The list goes on...not to mention...Battle Procedure...Leadership "stuff"...

Remember...you are going to BASIC TRAINING...its not about lounging around and eating cucumber sandwiches while sipping herbal tea...

 ;D


----------



## Disenchantedsailor (27 Jul 2007)

Mud Recce Man said:
			
		

> But of course!  OCdt/NCdts are not above such menial tasks.  And...station jobs!  Kit inspections!  Room inspections!  Duty Platoon taskings!  Wakey wakey at zero-dark-stupid!  PT!  MORE PT!  Wpn's training!  CBRN!
> 
> The list goes on...not to mention...Battle Procedure...Leadership "stuff"...
> 
> ...


MRM keep in mind the 4 courses starting in Aug are dominated by those of us who have been wearing uniforms for 10 years or more and are not new to playing the game, on the other hand one coming in off the street does not really truly know what the difference is between the 2 or that there is a difference.


----------



## mudrecceman (27 Jul 2007)

Except the DEO types...don't forget all of them!  I well realize that this is not a RMC IAP/BOTP BOMQ.   .  Fall serial says it all.  

(And my 9'r D went thru last year and I was at CFLRS recently as staff... ).

Catherine...try these links...

http://www.cflrs.forces.gc.ca/site/soyez_prets/pei_e.asp

http://www.cflrs.forces.gc.ca/site/soyez_prets/peeo_e.asp

Better to go in armed with some knowledge/idea.


----------



## Disenchantedsailor (27 Jul 2007)

and as for sewing the name tags onto the socks exactly 1/2 high by 2 long at exactly 1/4 down from the hem, lots of fun (a little sarcasm there), but honestly their will be lots of us retreads around to help out where we can, and of course you will find your strengths and weakness' (trust me I can polish good but Iron realllllllly bad) and contrary to popular belief no-one can pass these crses alone


----------



## q_1966 (6 Aug 2007)

ye-ha, and once u sew the tag on, make sure you label it (i sewed the tag on my socks, didnt label it) Mcpl didnt check til like week 4 or 5= counselling

stuff like your canteen, canteen cup, KFS!(exclamation point cuz u clean it, and forget to label it again or its not legible)

tape falls off and "why isnt your name on this bivy bag"...yea dont get a counseling for stuff like that...also try not to get a counseling for insecure kit, aka a single glove liner left somewhere after inspection, its very easy to miss it, when ALL your stuff, and I do mean all your stuff is everywhere...the window sill... and you have to put it all away, pack all your PT gear in the kit bag and your day bag and get down stairs in superfast quicktime, its very easy to miss stuff, one mcpls advice was to "focus on all the points"  

Edited for Clarity


----------



## Klinkaroo (17 Sep 2007)

The worst part of my BMQ, sewing...


----------



## Klc (8 Nov 2007)

MedTech said:
			
		

> wow...i never had to do that... I just labeled... with a sharpie :| times have changed?



The way is was explained to us in BMQ about a year ago was that "we expect many of you to fail, and we need that kit for the GOOD soldiers who will replace you - and we don't want you marking THEIR kit up" 

Man, did my warrant ever know how to motivate us -- the timmies applications were a nice touch.  ;D


----------



## medaid (8 Nov 2007)

Hahaha that's a nice one.

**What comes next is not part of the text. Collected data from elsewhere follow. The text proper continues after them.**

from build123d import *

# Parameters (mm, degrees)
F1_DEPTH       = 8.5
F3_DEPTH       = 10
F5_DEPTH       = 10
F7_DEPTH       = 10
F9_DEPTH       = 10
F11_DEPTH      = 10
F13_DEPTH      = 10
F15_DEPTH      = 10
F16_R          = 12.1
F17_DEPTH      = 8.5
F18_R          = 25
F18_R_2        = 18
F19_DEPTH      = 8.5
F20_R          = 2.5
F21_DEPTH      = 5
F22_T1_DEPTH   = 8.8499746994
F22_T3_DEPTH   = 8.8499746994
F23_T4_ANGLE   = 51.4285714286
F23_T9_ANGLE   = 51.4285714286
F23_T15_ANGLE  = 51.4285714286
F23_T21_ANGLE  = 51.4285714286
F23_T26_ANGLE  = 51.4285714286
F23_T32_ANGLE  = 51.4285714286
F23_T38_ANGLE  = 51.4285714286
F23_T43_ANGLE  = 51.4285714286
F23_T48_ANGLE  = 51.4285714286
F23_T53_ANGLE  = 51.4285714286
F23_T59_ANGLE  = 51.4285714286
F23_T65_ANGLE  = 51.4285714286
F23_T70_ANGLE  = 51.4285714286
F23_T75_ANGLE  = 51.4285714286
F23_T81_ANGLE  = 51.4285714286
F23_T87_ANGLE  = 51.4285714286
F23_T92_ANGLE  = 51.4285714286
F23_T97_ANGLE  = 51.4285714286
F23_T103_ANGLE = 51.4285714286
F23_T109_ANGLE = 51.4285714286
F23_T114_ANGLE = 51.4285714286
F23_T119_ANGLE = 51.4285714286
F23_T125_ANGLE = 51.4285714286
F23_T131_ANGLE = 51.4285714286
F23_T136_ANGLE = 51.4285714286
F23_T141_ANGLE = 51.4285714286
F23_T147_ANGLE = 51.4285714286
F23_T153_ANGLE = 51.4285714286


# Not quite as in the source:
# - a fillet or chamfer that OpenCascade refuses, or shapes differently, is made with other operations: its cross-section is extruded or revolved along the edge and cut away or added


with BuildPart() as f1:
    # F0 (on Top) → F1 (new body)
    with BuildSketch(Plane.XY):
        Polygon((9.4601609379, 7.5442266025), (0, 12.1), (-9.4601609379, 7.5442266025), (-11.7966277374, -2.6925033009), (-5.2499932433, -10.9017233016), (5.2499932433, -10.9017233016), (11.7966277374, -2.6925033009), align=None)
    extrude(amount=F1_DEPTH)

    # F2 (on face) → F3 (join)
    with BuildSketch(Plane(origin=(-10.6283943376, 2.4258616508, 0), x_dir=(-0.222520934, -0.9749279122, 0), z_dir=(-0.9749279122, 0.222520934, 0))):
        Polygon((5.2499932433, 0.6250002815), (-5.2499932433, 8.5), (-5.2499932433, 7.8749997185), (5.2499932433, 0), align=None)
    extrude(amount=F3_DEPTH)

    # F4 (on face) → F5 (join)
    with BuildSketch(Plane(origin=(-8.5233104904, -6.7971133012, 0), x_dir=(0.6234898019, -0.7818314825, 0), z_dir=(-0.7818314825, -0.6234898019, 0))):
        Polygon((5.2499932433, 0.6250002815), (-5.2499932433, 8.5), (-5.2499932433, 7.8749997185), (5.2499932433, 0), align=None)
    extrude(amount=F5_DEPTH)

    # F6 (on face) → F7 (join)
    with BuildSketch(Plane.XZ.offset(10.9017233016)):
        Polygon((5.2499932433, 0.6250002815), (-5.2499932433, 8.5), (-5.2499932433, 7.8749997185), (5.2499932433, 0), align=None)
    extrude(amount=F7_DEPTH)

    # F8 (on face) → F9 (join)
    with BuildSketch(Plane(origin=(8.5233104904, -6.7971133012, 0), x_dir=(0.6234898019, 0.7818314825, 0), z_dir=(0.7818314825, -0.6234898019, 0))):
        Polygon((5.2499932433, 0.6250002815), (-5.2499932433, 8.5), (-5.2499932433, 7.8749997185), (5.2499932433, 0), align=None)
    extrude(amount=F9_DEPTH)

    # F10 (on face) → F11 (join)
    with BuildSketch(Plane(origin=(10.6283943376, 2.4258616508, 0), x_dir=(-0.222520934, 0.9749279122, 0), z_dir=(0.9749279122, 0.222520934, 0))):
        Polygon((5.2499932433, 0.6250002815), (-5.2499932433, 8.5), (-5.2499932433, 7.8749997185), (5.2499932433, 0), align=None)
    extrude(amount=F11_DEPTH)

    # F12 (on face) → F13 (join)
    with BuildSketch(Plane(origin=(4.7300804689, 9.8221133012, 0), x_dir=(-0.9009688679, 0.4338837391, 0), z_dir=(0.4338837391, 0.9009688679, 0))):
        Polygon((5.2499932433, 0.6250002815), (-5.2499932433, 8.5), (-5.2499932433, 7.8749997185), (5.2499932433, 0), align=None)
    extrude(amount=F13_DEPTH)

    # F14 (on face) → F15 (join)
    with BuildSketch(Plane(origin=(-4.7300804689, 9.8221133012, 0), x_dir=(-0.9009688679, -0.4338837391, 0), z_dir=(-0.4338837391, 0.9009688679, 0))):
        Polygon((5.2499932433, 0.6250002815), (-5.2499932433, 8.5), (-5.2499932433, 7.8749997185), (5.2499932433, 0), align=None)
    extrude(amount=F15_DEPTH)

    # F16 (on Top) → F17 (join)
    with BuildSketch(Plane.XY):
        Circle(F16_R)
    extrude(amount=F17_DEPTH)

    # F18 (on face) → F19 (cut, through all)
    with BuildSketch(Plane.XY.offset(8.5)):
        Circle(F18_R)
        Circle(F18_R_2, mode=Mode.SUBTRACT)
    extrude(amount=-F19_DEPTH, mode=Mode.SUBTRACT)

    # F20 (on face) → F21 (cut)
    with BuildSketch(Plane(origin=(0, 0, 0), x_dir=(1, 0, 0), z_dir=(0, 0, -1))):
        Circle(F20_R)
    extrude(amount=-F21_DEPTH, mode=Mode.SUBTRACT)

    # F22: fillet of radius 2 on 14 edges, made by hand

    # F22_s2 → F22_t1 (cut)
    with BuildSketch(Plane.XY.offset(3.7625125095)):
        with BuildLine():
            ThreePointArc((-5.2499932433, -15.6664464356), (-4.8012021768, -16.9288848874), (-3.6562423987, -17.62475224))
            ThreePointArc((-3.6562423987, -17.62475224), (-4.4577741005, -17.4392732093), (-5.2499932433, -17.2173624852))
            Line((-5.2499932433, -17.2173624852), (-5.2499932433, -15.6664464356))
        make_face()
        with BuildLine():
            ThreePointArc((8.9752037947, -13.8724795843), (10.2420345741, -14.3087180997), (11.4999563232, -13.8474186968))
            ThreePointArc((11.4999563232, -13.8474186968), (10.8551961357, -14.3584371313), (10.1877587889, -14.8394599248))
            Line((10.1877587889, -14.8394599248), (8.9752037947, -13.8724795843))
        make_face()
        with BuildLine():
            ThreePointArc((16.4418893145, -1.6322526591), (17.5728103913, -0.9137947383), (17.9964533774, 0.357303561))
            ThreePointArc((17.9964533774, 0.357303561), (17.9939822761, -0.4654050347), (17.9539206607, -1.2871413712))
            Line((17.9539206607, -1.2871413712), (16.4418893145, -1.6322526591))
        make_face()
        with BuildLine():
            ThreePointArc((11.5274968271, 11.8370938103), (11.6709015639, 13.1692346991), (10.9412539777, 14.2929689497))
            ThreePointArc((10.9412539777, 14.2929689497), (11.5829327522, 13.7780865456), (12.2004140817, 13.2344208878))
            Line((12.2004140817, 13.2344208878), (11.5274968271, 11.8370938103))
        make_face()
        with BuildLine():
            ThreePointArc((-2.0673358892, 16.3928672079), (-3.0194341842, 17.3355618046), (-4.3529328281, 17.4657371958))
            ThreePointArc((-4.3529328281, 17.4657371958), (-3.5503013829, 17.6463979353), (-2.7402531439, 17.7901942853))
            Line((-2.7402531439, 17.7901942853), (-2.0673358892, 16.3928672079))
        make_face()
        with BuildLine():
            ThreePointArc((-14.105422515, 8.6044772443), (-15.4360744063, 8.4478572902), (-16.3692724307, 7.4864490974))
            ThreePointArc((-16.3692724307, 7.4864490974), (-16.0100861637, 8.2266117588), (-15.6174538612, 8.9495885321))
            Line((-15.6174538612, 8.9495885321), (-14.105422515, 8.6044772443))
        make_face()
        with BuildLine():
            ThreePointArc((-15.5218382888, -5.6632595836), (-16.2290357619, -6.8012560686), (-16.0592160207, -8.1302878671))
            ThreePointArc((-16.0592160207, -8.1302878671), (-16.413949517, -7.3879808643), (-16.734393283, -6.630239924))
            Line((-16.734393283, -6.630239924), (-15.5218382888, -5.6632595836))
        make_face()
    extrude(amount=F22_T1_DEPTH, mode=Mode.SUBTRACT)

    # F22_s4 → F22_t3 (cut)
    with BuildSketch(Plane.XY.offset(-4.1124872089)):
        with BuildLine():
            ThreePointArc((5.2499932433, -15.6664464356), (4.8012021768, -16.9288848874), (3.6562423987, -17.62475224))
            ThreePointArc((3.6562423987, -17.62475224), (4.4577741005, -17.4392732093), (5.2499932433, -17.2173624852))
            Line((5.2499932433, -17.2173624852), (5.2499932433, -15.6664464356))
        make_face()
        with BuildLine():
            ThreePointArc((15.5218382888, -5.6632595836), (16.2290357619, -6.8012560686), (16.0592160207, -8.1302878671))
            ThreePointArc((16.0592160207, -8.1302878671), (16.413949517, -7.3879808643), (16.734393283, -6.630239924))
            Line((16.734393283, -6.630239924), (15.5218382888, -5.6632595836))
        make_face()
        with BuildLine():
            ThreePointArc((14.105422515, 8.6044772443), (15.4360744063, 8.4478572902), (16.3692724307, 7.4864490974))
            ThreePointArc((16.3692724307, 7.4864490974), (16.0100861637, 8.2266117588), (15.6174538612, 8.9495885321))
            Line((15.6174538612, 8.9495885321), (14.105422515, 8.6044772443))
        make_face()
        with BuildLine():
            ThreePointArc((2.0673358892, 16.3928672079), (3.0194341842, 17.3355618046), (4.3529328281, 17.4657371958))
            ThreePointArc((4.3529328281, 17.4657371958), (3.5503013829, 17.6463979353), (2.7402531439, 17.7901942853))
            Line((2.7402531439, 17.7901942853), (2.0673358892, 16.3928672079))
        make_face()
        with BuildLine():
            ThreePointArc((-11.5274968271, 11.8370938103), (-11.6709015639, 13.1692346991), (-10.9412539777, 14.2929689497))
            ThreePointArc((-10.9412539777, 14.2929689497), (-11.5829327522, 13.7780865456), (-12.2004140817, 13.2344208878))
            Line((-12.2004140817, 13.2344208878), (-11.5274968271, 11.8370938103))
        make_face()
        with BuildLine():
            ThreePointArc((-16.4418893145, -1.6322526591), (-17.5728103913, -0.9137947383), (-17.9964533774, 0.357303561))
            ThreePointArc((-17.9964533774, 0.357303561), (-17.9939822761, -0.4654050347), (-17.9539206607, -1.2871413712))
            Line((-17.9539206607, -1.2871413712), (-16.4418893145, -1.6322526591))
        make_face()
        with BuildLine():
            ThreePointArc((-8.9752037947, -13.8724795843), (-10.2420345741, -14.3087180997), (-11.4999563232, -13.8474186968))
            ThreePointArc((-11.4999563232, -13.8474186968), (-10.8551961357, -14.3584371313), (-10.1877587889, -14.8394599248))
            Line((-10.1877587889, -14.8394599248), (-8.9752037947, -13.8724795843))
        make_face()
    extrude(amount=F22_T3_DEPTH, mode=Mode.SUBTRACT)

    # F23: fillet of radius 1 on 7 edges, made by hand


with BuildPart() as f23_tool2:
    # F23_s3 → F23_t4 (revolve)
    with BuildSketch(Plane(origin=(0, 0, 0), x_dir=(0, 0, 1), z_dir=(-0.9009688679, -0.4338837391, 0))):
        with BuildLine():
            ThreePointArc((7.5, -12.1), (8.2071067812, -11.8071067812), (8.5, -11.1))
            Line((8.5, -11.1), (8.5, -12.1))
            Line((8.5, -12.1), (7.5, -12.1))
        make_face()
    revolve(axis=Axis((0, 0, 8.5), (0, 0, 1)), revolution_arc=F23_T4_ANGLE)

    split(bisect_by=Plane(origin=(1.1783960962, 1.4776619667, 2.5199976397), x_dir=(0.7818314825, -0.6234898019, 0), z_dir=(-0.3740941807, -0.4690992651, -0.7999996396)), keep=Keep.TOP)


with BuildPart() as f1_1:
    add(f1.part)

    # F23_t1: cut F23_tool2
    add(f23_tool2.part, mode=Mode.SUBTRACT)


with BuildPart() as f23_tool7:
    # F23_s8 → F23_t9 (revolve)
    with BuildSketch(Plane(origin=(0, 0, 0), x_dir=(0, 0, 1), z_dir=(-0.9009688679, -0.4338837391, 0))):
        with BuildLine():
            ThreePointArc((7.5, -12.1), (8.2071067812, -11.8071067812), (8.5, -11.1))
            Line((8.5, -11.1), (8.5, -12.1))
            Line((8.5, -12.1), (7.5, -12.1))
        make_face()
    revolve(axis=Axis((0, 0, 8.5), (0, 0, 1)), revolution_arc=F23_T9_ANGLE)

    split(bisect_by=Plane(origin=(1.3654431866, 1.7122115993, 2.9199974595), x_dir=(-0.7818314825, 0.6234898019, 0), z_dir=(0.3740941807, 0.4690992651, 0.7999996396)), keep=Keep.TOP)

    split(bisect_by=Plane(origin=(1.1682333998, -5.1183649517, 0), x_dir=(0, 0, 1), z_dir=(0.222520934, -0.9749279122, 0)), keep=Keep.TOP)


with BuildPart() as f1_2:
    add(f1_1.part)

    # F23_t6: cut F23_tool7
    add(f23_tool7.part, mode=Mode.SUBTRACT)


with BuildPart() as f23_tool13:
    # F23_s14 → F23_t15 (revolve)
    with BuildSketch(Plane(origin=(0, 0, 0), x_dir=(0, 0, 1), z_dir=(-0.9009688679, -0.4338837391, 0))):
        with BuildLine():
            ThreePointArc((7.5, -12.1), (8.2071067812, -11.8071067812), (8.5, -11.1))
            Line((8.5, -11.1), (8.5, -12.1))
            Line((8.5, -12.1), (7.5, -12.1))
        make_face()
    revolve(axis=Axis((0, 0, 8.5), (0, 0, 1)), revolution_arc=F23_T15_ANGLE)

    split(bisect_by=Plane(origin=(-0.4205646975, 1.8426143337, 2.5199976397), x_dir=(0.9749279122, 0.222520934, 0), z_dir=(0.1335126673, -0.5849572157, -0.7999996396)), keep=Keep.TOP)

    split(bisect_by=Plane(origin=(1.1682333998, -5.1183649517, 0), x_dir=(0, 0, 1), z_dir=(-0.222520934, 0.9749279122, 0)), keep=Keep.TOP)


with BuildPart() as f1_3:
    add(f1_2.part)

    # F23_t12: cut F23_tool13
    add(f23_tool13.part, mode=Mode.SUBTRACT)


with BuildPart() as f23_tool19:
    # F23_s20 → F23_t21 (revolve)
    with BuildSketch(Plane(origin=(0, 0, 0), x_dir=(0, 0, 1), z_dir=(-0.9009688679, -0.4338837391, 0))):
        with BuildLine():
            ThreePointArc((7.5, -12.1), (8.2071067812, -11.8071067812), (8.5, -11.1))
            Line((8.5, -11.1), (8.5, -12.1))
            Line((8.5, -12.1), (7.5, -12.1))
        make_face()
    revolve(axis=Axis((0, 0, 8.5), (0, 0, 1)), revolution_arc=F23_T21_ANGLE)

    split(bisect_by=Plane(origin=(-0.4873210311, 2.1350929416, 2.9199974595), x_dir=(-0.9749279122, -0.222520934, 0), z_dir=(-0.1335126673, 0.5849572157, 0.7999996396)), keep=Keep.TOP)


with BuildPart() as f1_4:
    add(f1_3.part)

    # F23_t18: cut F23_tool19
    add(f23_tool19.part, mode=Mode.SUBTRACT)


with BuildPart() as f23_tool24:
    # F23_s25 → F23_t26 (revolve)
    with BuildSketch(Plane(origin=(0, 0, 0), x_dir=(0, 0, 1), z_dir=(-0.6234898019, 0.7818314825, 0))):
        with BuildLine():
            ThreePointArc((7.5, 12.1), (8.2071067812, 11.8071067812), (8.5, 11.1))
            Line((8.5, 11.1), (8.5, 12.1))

Good thing I already have all of my kit broken into... Soooooo I don't know if they'll still do that... Will they? Awful waste on sewing up nametapes with your name on it......


----------



## riggermade (8 Nov 2007)

MedTech said:
			
		

> wow...i never had to do that... I just labeled... with a sharpie :| times have changed?



They were just keeping sharp objects away from you


----------



## DirtyDog (8 Nov 2007)

For those going to LFCA Battle School, expect to rip all those tags you've meticulously sewn on and label your kit with a marker.  Not your first 4 and last 3 either.  Full name and last 3.


----------



## medaid (8 Nov 2007)

Pfft Rigger... I can handle a needle and thread just fine! Um needele throught the thread right?


----------